ANDRÉ POUGET, directeurdu bureau d’études thermiques Pouget Consultants

L’isolation thermique par l’extérieur est-elle incontournable pour atteindre le niveau de performance des bâtiments basse consommation (1) ?

Non, il s’agit seulement d’une solution parmi d’autres. Le passage obligé est évidemment une isolation parfaite du bâti et donc le traitement systématique de tous les ponts thermiques. Pour cela, il existe plusieurs modes constructifs comme l’isolation par l’intérieur moyennant des rupteurs thermiques efficaces, l’isolation répartie en terre cuite ou béton cellulaire, des modes constructifs à ossatures (bois, voire métal), des maçonneries particulières isolantes et, bien évidemment, l’isolation par l’extérieur. Attention, il n’y a pas une solution universelle mais des solutions plus ou moins appropriées au projet, selon qu’il s’agisse d’une maison ou d’un immeuble, d’un bâtiment résidentiel ou tertiaire, selon sa hauteur, etc.

Quels sont les freins techniques au développement de ces systèmes ?

Les solutions techniques pour certaines liaisons manquent encore cruellement. Pour l’encadrement des baies et l’intégration des coffres de volets roulants notamment, il y a encore beaucoup de progrès à faire. Il est nécessaire que les industriels de l’isolation par l’extérieur et ceux des menuiseries en général se rencontrent pour concevoir des solutions compatibles, faciles à mettre en œuvre et performantes d’un point de vue thermique.

Du point de vue de la conception, on voit encore trop souvent des bâtiments neufs isolés par l’extérieur comme des bâtiments existants avec ravalement. Ce mauvais choix conduit à la fois à des surcoûts rédhibitoires et des performances dégradées. L’équipe de maîtrise d’œuvre doit penser et concevoir avec ce mode constructif en tête dès les esquisses. Enfin pour les entreprises, il faut considérer que la mise en œuvre n’est pas plus compliquée mais simplement différente. Ensemble, industriels, architectes, bureaux d’études, entreprises, il nous reste à saisir cette opportunité de vendre des économies d’énergie durables.
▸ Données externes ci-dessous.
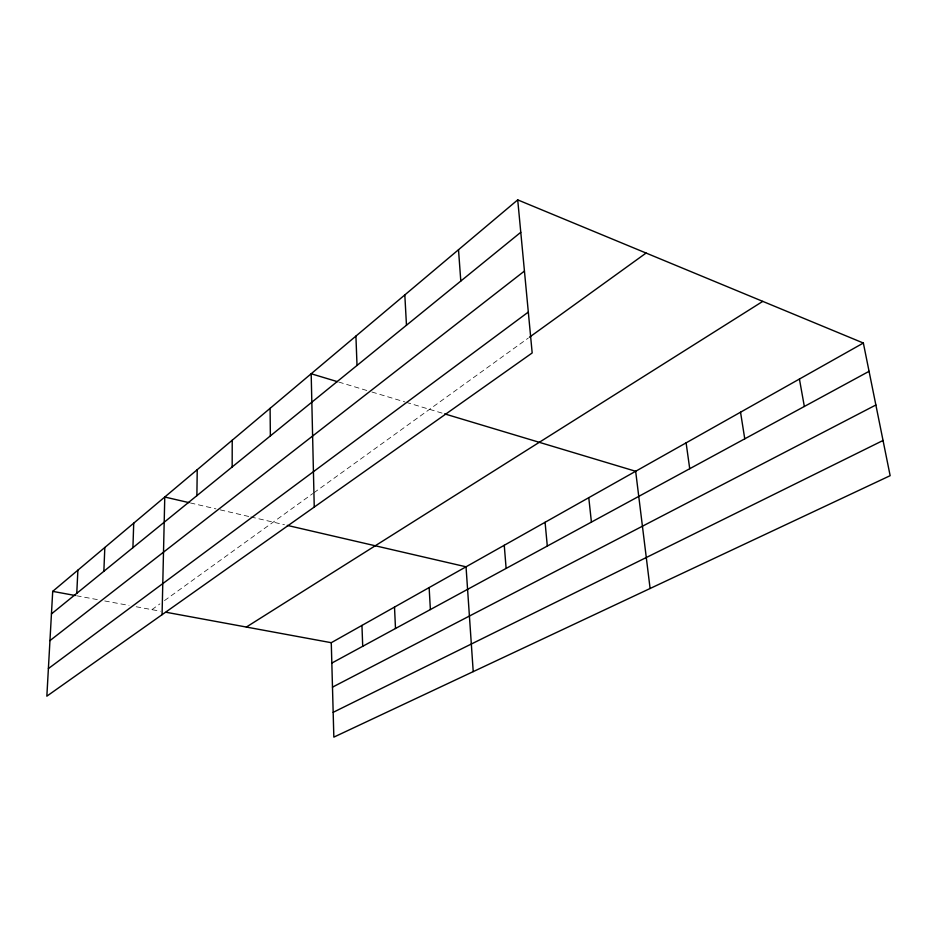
<?xml version="1.0" encoding="UTF-8"?>
<svg xmlns="http://www.w3.org/2000/svg" width="937" height="937" viewBox="0 0 937 937"><rect width="100%" height="100%" fill="white"/><g stroke="black" fill="none" stroke-linecap="round" stroke-linejoin="round"><path stroke-width="0.7" stroke-dasharray="4.68 3.51" d="M151.923 609.647L159.911 603.885M164.479 600.594L312.747 493.6M313.918 492.757L528.304 338.058M76.6 595.768L99.088 599.914M104.733 600.957L129.048 605.431M136.193 606.754L160.426 611.217M190.363 502.946L215.967 508.873M220.23 509.869L249.5 516.65M250.893 516.966L284.485 524.743M338.784 382.062L367.784 390.776M371.93 392.017L404.843 401.914M406.213 402.324L443.26 413.463"/><path stroke-width="1.41" d="M232.165 466.966L232.224 440.226M196.887 495.65L197.227 469.695M162.066 614.684L164.771 497.02L188.946 502.619M132.925 547.653L133.722 523.162M103.855 571.289L104.827 547.489M76.764 593.32L77.888 570.164M517.716 199.874L52.706 591.364L46.85 696.168L532.181 352.956L517.716 199.874L863.352 343.036L890.15 475.68L333.841 737.126L331.276 642.7L863.352 343.036M51.453 613.911L520.773 232.294M49.954 640.615L524.439 271.062M48.396 668.573L528.316 312.068M529.464 337.215L646.097 253.049M246.361 627.052L762.765 301.374M331.827 663.068L869.067 371.321M332.483 687.149L875.872 404.995M333.174 712.331L883.041 440.472M52.706 591.364L75.194 595.51M166.083 612.259L331.276 642.7M287.308 525.399L466.04 566.803L473.22 671.618M337.402 381.652L311.178 373.758L314.246 507.069M444.642 413.873L635.661 471.276L650.102 588.495M799.425 379.052L804.344 406.471M740.535 412.21L744.763 438.821M686.107 442.861L689.726 468.711M588.776 497.688L591.411 522.108M545.076 522.296L547.302 546.06M504.258 545.287L506.121 568.419M458.509 249.722L460.805 281.053M429.134 587.593L430.388 609.542M404.819 294.921L406.471 325.233M394.512 607.094L395.496 628.493M355.919 336.09L357.02 365.442M361.951 625.436L362.713 646.296M270.09 408.356L270.36 435.904"/></g></svg>
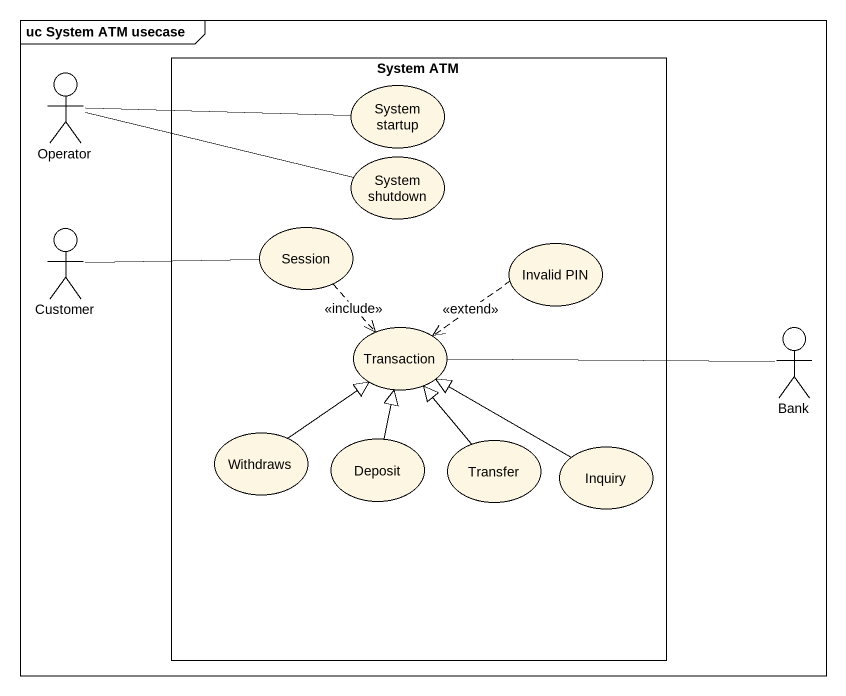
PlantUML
@startuml
mainframe uc System ATM usecase
rectangle "System ATM" as System_ATM {
  usecase "System startup" as System_startup
  usecase "System shutdown" as System_shutdown
  usecase Session
  usecase "Invalid PIN" as Invalid_PIN
  usecase Transaction
  usecase Withdraws
  usecase Deposit
  usecase Transfer
  usecase Inquiry
}
actor Operator
actor Customer
actor Bank
Operator -right- System_startup
Operator -right- System_shutdown
Customer -right- Session
Session ..> Transaction : <<include>>
Invalid_PIN .left.> Transaction : <<extend>>
Bank -left- Transaction
Withdraws -up-|> Transaction
Deposit -up-|> Transaction
Transfer -up-|> Transaction
Inquiry -left-|> Transaction
@enduml

L’offre de systèmes d’isolation par l’extérieur est-elle suffisante pour répondre aux besoins du marché ?

Elle est même relativement abondante. Pour les systèmes avec enduit par exemple, il existe aujourd’hui environ une dizaine de solutions bénéficiant d’un agrément technique européen. Les solutions avec bardages ou vêtures sont aussi très séduisantes notamment sur la variété des matériaux et des aspects de façades. Aujourd’hui, les solutions pour construire autrement existent. Alors construisons performant et durable !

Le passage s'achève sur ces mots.